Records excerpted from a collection
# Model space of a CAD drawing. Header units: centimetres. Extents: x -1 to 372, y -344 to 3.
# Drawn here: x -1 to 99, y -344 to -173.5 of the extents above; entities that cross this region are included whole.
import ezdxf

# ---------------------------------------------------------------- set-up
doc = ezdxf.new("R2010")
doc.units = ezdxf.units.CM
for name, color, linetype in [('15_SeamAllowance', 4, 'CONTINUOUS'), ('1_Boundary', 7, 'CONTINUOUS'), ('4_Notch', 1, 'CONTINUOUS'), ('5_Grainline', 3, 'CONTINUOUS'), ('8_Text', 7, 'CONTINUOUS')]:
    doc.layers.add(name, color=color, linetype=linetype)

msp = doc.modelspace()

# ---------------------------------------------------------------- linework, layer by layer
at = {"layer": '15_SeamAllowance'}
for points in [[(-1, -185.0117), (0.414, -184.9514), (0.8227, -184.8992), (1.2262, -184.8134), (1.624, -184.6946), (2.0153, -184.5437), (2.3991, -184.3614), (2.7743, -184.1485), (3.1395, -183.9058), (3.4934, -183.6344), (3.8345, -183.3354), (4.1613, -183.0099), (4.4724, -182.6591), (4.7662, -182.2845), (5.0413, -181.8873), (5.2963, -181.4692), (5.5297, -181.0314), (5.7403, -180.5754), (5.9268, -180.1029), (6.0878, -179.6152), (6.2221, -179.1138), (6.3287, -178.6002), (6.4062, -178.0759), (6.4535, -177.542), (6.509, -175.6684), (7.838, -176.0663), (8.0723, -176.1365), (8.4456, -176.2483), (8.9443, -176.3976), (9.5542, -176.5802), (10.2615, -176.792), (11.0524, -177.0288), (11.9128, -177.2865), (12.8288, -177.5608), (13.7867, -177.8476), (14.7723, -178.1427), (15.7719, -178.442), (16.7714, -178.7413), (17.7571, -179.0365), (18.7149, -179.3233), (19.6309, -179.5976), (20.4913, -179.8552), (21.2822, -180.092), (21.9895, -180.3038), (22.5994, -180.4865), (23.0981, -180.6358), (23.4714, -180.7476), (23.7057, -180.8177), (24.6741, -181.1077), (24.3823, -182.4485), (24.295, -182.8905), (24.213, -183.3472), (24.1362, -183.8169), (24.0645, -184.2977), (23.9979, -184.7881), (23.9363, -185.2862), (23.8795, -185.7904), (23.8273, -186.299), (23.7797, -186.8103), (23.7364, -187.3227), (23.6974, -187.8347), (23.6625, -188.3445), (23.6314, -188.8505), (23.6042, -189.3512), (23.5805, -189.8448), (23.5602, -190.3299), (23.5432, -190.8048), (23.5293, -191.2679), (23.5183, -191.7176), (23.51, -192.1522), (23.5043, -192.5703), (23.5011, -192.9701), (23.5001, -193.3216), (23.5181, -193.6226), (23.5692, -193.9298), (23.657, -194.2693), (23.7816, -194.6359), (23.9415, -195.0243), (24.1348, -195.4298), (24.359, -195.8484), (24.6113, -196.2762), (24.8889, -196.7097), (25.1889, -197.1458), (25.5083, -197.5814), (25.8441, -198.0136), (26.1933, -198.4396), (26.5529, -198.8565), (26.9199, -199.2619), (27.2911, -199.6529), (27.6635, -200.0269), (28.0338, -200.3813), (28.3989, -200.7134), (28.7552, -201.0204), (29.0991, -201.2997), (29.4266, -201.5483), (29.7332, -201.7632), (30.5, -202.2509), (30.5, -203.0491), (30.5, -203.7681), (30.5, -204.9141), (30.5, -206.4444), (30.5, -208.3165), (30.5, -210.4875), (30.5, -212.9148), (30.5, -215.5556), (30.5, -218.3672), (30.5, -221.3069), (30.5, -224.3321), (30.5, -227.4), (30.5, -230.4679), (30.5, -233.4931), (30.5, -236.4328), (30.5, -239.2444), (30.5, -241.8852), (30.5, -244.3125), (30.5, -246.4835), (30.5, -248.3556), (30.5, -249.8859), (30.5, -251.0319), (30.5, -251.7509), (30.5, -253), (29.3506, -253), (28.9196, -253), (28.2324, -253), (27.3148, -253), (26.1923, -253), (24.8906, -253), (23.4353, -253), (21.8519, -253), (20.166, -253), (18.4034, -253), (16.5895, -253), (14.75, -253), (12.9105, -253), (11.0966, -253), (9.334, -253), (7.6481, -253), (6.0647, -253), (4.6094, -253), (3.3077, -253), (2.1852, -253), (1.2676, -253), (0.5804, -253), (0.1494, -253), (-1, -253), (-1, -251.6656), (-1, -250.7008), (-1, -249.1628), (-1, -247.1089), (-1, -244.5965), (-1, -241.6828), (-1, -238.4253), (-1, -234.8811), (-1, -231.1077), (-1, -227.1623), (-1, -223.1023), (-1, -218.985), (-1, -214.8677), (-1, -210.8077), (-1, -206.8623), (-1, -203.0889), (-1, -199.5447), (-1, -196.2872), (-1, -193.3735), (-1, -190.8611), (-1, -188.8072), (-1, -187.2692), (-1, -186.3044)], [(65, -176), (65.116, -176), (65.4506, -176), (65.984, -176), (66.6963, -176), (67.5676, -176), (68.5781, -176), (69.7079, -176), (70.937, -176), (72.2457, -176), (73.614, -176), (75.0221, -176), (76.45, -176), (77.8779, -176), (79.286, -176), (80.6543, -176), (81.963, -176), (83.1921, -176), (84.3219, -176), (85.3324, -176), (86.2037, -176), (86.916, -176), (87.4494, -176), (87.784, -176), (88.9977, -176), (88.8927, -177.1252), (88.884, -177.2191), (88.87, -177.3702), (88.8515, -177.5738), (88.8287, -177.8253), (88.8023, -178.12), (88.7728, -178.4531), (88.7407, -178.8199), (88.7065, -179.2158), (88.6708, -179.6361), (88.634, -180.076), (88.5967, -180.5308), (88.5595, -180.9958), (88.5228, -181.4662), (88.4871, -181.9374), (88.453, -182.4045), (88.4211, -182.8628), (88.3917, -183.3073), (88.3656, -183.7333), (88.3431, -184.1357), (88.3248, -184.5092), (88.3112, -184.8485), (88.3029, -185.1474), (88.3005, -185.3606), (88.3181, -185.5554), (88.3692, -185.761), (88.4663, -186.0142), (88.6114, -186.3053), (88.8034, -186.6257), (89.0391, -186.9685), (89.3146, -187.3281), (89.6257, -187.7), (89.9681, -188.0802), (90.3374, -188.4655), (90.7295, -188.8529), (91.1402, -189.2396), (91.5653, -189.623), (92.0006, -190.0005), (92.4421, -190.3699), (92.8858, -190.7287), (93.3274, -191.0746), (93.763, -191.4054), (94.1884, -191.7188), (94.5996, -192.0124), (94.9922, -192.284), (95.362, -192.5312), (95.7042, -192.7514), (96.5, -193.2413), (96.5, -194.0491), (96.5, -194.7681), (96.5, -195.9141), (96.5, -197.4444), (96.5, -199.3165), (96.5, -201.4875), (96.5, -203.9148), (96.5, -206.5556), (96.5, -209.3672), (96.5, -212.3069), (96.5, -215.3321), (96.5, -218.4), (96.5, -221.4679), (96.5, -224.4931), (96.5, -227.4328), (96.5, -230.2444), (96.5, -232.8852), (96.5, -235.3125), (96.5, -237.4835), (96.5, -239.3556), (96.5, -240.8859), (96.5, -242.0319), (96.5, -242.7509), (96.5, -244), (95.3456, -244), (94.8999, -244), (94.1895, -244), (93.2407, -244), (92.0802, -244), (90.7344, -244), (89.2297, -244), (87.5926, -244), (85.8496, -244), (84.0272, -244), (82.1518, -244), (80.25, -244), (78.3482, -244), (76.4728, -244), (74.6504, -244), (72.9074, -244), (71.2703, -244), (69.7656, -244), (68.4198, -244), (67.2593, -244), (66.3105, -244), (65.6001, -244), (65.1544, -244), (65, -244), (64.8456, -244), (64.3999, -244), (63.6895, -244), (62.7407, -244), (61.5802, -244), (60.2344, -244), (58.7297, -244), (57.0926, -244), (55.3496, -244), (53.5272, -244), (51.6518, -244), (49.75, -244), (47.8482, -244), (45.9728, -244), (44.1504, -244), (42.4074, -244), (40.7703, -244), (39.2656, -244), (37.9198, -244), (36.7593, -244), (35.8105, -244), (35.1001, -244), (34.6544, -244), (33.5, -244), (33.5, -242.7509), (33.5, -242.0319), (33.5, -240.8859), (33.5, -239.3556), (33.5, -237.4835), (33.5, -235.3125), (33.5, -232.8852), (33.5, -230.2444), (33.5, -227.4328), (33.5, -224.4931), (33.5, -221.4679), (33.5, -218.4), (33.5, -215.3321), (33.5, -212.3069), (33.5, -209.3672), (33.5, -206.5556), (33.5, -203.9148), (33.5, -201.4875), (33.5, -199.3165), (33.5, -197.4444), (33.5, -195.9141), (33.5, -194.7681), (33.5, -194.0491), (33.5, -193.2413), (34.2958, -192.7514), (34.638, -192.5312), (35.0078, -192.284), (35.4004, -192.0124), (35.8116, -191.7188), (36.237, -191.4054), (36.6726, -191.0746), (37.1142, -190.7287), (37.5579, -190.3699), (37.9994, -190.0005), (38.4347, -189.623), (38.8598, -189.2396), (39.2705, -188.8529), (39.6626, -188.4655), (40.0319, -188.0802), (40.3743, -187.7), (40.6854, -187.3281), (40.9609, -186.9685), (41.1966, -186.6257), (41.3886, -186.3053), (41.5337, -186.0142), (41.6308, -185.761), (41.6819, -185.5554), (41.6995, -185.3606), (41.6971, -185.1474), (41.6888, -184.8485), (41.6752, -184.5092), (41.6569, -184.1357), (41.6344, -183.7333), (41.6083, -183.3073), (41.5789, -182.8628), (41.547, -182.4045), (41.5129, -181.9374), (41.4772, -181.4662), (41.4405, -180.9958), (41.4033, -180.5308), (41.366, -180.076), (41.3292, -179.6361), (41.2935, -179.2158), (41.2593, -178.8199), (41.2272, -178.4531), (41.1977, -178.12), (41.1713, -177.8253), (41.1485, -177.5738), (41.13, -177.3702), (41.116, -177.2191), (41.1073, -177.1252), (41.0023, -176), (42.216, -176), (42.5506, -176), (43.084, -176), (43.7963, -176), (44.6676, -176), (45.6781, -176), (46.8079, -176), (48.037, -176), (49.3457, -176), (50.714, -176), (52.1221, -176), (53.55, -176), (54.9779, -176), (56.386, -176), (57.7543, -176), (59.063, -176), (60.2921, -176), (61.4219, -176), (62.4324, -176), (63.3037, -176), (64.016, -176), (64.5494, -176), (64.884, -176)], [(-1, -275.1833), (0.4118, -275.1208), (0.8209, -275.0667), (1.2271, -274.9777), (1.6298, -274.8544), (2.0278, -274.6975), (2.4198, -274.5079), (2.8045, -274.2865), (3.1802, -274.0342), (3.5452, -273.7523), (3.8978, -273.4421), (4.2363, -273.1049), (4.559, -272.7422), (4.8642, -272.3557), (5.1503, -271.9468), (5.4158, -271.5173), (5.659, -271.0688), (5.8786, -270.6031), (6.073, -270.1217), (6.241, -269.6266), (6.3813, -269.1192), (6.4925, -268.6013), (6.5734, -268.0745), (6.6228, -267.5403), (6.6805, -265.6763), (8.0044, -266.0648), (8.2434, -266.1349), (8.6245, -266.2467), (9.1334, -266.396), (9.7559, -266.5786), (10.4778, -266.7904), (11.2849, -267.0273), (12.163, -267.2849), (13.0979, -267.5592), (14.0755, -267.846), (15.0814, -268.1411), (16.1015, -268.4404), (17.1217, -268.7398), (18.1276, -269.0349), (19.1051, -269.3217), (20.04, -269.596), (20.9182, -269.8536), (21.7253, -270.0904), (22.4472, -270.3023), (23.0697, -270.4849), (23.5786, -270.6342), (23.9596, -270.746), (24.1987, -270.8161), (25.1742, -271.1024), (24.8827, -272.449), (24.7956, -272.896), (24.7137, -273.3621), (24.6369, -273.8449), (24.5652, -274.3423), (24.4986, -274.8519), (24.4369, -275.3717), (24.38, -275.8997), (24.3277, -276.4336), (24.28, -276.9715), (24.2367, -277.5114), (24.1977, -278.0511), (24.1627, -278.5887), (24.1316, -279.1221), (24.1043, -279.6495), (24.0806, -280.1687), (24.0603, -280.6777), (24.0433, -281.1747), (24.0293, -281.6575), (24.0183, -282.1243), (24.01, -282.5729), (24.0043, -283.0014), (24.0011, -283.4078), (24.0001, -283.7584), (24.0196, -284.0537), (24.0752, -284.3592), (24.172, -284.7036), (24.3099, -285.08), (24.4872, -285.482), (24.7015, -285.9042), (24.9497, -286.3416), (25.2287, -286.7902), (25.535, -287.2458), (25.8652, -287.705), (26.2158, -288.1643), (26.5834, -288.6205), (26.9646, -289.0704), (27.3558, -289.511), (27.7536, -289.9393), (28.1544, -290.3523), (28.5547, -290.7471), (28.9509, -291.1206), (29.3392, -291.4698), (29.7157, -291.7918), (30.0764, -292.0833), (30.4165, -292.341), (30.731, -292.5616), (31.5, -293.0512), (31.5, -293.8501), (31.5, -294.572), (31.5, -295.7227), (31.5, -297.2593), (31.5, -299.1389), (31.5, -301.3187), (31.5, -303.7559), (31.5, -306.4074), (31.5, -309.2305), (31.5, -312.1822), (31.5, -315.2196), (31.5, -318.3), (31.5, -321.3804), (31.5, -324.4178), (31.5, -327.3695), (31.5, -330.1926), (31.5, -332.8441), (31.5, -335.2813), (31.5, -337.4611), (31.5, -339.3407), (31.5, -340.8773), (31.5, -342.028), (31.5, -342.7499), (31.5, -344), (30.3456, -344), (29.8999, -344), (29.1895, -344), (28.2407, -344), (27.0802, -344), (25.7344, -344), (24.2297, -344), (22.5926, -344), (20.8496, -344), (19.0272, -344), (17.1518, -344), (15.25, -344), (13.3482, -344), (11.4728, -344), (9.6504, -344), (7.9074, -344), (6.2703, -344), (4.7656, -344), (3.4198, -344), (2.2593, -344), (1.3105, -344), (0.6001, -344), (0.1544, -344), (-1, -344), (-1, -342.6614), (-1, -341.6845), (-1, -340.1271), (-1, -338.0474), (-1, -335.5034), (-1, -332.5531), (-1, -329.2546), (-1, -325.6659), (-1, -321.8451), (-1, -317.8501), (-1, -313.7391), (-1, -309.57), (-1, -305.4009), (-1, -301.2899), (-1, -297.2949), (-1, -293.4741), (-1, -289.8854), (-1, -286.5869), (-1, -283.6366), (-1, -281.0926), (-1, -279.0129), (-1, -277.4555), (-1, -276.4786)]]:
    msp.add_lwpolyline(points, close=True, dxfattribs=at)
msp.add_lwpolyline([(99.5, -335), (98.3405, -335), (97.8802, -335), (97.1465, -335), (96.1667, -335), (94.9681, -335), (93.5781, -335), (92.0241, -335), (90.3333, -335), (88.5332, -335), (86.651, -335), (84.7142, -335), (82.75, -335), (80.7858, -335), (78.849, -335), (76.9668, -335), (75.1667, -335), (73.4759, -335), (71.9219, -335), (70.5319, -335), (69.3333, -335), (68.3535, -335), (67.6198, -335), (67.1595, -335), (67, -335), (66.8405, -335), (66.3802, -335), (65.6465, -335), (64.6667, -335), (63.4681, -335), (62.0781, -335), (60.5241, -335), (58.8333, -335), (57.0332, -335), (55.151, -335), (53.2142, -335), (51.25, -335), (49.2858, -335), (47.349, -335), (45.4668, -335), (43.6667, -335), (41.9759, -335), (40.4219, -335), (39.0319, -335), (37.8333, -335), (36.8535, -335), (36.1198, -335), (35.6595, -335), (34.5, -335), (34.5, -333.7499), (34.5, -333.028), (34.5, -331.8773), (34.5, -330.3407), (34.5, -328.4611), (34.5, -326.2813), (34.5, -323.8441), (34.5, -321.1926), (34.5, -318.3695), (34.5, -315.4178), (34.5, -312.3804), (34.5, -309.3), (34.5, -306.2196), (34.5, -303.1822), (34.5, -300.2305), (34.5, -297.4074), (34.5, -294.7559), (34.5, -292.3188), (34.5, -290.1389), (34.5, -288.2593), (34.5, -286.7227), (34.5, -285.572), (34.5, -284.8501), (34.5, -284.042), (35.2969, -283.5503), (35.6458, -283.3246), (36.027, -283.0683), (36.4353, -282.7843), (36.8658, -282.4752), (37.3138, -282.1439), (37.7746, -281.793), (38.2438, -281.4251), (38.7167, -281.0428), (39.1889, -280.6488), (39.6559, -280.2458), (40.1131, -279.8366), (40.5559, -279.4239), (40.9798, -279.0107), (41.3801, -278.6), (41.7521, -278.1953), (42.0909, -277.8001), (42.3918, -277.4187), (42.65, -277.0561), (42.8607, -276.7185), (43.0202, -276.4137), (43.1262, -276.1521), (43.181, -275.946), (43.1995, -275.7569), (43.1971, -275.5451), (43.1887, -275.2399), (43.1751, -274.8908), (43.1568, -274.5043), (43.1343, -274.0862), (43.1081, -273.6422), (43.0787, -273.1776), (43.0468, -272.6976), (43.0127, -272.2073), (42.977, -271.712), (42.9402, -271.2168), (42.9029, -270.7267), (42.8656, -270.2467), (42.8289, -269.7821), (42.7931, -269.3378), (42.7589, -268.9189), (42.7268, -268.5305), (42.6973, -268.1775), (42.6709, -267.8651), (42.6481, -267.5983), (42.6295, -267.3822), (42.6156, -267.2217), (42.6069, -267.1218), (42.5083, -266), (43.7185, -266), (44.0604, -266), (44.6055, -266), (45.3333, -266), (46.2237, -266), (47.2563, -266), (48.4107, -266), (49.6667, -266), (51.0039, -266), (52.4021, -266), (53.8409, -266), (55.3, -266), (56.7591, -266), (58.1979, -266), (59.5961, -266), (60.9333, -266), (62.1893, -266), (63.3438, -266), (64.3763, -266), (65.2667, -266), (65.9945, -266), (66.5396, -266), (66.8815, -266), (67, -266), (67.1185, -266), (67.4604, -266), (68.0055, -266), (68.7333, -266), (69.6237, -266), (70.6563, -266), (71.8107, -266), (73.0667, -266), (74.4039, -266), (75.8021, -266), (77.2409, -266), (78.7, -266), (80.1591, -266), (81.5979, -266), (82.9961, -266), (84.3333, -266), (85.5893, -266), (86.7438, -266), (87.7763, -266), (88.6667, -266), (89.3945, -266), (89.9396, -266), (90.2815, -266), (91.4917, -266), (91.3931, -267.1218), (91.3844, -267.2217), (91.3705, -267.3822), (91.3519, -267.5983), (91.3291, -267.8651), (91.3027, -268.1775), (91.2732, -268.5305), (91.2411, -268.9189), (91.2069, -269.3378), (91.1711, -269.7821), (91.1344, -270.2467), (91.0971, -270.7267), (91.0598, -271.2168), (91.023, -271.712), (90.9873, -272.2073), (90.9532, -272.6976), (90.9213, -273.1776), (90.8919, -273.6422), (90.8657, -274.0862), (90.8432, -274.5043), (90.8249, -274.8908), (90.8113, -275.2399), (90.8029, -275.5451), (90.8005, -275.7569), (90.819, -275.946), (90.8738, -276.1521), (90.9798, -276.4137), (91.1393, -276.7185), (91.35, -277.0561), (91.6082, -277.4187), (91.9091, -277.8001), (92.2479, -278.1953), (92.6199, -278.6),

** Exercise prompt **
Read through the entries and copy every line that includes "color".

** Reply **
for name, color, linetype in [('15_SeamAllowance', 4, 'CONTINUOUS'), ('1_Boundary', 7, 'CONTINUOUS'), ('4_Notch', 1, 'CONTINUOUS'), ('5_Grainline', 3, 'CONTINUOUS'), ('8_Text', 7, 'CONTINUOUS')]:
    doc.layers.add(name, color=color, linetype=linetype)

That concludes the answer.